• **Problem details**:
Transcribe the stretch of entries below from the line with "ThreePointArc((-210, 1), (-204.2, -3.5), (-210, -8))" through the line with "# Mirror1: Boss-Extrude2 across plane", exactly and with both ends included; leave out all other lines.

• **Saved data entries**:
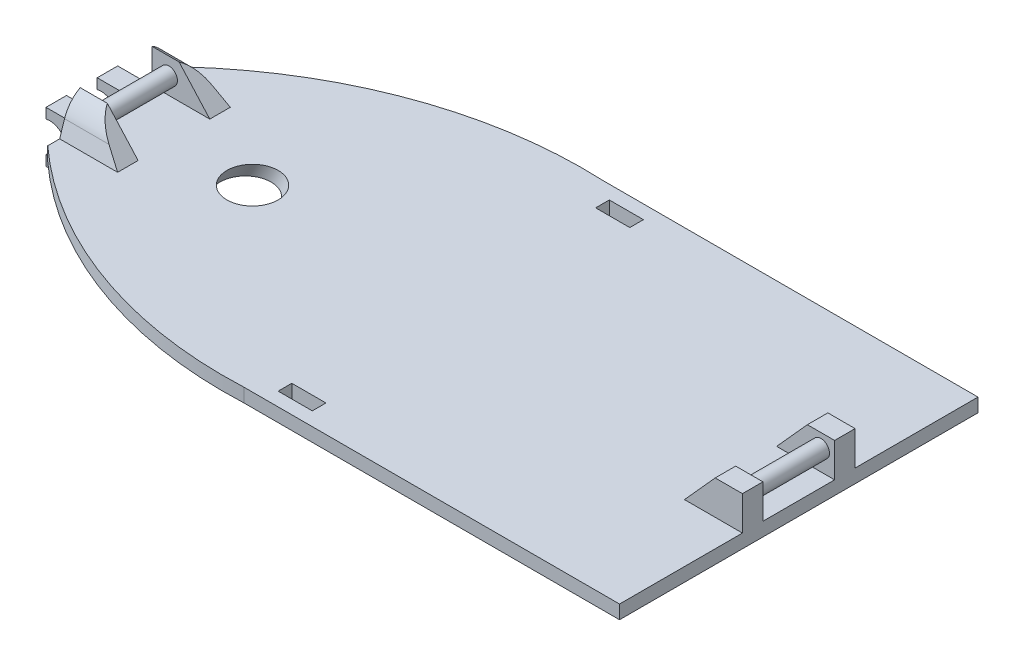
from build123d import *
from OCP.BRepFilletAPI import BRepFilletAPI_MakeChamfer

# Parameters (mm, degrees)
BOSS_EXTRUDE1_DEPTH  = 4
BOSS_EXTRUDE2_START  = -45
BOSS_EXTRUDE2_DEPTH  = 3
BOSS_EXTRUDE3_START  = -39
BOSS_EXTRUDE3_DEPTH  = 3
BOSS_EXTRUDE4_REACH  = 221.731
SKETCH6_R            = 2.5
SKETCH7_W            = 10
SKETCH7_H            = 4
CUT_EXTRUDE1_DEPTH   = 10
SKETCH8_R            = 7.5
MIRROR6_START        = -39
MIRROR6_COPY_1_DEPTH = 3
CHAMFER1_SIZE        = 10
CHAMFER1_SIZE_2      = 3.249196962
FILLET1_R            = 10
SKETCH10_R           = 2.5
BOSS_EXTRUDE6_DEPTH  = 23


# Some blends are built 0.0001 mm under size
with BuildPart() as part:
    # Sketch1 → Boss-Extrude1 (new body)
    with BuildSketch(Plane(origin=(0, 0, 0), x_dir=(1, 0, 0), z_dir=(0, 1, 0))):
        with BuildLine():
            Line((-110, 0), (0, 0))
            Line((0, 0), (0, -105))
            Line((0, -105), (-110, -105))
            ThreePointArc((-110, -105), (-158.232963684, -97.702822508), (-200, -72.5))
            Line((-200, -72.5), (-200, -32.5))
            ThreePointArc((-200, -32.5), (-158.232963684, -7.297177492), (-110, 0))
        make_face()
    extrude(amount=BOSS_EXTRUDE1_DEPTH)

    # Sketch2 → Boss-Extrude2 (add, symmetric)
    with BuildSketch(Plane.XY.offset(105).offset(BOSS_EXTRUDE2_START)):
        with BuildLine():
            Line((-200, 4), (-210, 4))
            Line((-210, 4), (-210, 1))
            ThreePointArc((-210, 1), (-204.2, -3.5), (-210, -8))
            Line((-210, -8), (-210, -11))
            Line((-210, -11), (-200, -11))
            Line((-200, -11), (-188, 0))
            Line((-188, 0), (-200, 4))
        make_face()
    boss_extrude2 = extrude(amount=BOSS_EXTRUDE2_DEPTH, both=True)

    # Mirror1: Boss-Extrude2 across plane
    add(boss_extrude2.mirror(Plane.XY.offset(52.5)))

    # Sketch5 → Boss-Extrude3 (add, symmetric)
    with BuildSketch(Plane.XY.offset(105).offset(BOSS_EXTRUDE3_START)):
        Polygon((-16.979807258, 4), (-7.979807258, 14), (0, 14), (0, 4), align=None)
    boss_extrude3 = extrude(amount=BOSS_EXTRUDE3_DEPTH, both=True)

    # Mirror4: Boss-Extrude3 across plane
    add(boss_extrude3.mirror(Plane.XY.offset(52.5)))

    # Sketch6 → Boss-Extrude4 (add, up to next)
    with BuildSketch(Plane.XY.offset(42), mode=Mode.PRIVATE) as boss_extrude4_sk1:
        with Locations(Location((-4, 10, 0), (0, 0, 180))):
            Circle(SKETCH6_R)
    boss_extrude4_tool1 = extrude(boss_extrude4_sk1.sketch, amount=BOSS_EXTRUDE4_REACH, mode=Mode.PRIVATE) - part.part
    add(boss_extrude4_tool1.solids().sort_by_distance((-4, 10, 42))[0])

    # Sketch7 → Cut-Extrude1 (cut)
    with BuildSketch(Plane(origin=(0, 4, 0), x_dir=(1, 0, 0), z_dir=(0, 1, 0))):
        with Locations((-99, -99)):
            Rectangle(SKETCH7_W, SKETCH7_H)
    cut_extrude1 = extrude(amount=-CUT_EXTRUDE1_DEPTH, mode=Mode.SUBTRACT)

    # Mirror5: Cut-Extrude1 across plane
    add(cut_extrude1.mirror(Plane.XY.offset(52.5)), mode=Mode.SUBTRACT)

    # Cut-Sweep1: sweep along a path in Sketch9
    with BuildLine(Plane.XY.offset(52.5)) as cut_sweep1_path:
        Line((-160, 4), (-163.867437875, -3.466183031))
    # Sketch8 → Cut-Sweep1 (sweep, cut)
    with BuildSketch(Plane(origin=(0, 4, 0), x_dir=(1, 0, 0), z_dir=(0, 1, 0))):
        with Locations((-160, -52.5)):
            Circle(SKETCH8_R)
    sweep(path=cut_sweep1_path.line, mode=Mode.SUBTRACT)

    # Mirror6: Boss-Extrude3 across plane
    add(boss_extrude3.mirror(Plane(origin=(-100, 0, 0), x_dir=(0, 0, 1), z_dir=(1, 0, 0))))

    # Mirror6 copy 1 sketch → Mirror6 copy 1 (add, symmetric)
    with BuildSketch(Plane(origin=(-200, 0, 0), x_dir=(-1, 0, 0), z_dir=(0, 0, -1)).offset(MIRROR6_START)):
        Polygon((-16.979807258, 4), (-7.979807258, 14), (0, 14), (0, 4), align=None)
    extrude(amount=MIRROR6_COPY_1_DEPTH, both=True)

    # Chamfer1
    chamfer1_edges_1 = [part.edges().sort_by_distance(p)[0] for p in [
        (-196.010096371, 14, 69),
    ]]
    chamfer1_side_1 = [part.faces().sort_by_distance(p)[0] for p in [
        (-196.010096371, 13.935016061, 69),
    ]]
    chamfer1_edges_2 = [part.edges().sort_by_distance(p)[0] for p in [
        (-196.010096371, 14, 36),
    ]]
    chamfer1_side_2 = [part.faces().sort_by_distance(p)[0] for p in [
        (-196.010096371, 13.935016061, 36),
    ]]
    chamfer1 = BRepFilletAPI_MakeChamfer(part.part.solid().wrapped)
    for e in chamfer1_edges_1:
        chamfer1.Add(CHAMFER1_SIZE - 0.0001, CHAMFER1_SIZE_2 - 0.0001, e.wrapped, chamfer1_side_1[0].wrapped)
    for e in chamfer1_edges_2:
        chamfer1.Add(CHAMFER1_SIZE - 0.0001, CHAMFER1_SIZE_2 - 0.0001, e.wrapped, chamfer1_side_2[0].wrapped)
    add(Compound.cast(chamfer1.Shape()), mode=Mode.REPLACE)  # a hair under: the kernel refuses the full size

    # Fillet1
    # the kernel refuses this fillet: 10 mm, written as the material it takes off along each edge
    with BuildSketch(Plane(origin=(-177.285530003, 14, 39.249096962), x_dir=(0, 0, 1), z_dir=(-1, 0, 0))) as fillet1_piece_1:
        with BuildLine():
            CenterArc((7.689313783, -8.695521796), FILLET1_R, 119.593358477, 42.406991386)
            Line((-1.821270249, -5.605409927), (-2.01148193, -5.543607689))
            Line((-2.01148193, -5.543607689), (-0.190211681, 0.061802237))
            Line((-0.190211681, 0.061802237), (0, 0.2))
            ThreePointArc((0, 0.2), (1.375451519, 0.2), (2.652134823, 0.173910436))
            Line((2.652134823, 0.173910436), (2.750903038, 0))
        make_face()
    extrude(amount=37.449132737, mode=Mode.SUBTRACT)
    with BuildSketch(Plane(origin=(-177.285530003, 14, 65.750903038), x_dir=(0, 0, -1), z_dir=(-1, 0, 0))) as fillet1_piece_2:
        with BuildLine():
            CenterArc((7.689313783, 8.695521796), FILLET1_R, 197.999650137, 42.406991386)
            Line((-1.821270249, 5.605409927), (-2.01148193, 5.543607689))
            Line((-2.01148193, 5.543607689), (-0.190211681, -0.061802237))
            Line((-0.190211681, -0.061802237), (0, -0.2))
            ThreePointArc((0, -0.2), (1.375451519, -0.2), (2.652134823, -0.173910436))
            Line((2.652134823, -0.173910436), (2.750903038, 0))
        make_face()
    extrude(amount=37.449132737, mode=Mode.SUBTRACT)

    # Sketch10 → Boss-Extrude6 (add)
    with BuildSketch(Plane.XY.offset(42)):
        with Locations(Location((-195, 9, 0), (0, 0, 180))):
            Circle(SKETCH10_R)
    extrude(amount=BOSS_EXTRUDE6_DEPTH)


solid = part.part

• **Final answer**:
            ThreePointArc((-210, 1), (-204.2, -3.5), (-210, -8))
            Line((-210, -8), (-210, -11))
            Line((-210, -11), (-200, -11))
            Line((-200, -11), (-188, 0))
            Line((-188, 0), (-200, 4))
        make_face()
    boss_extrude2 = extrude(amount=BOSS_EXTRUDE2_DEPTH, both=True)

    # Mirror1: Boss-Extrude2 across plane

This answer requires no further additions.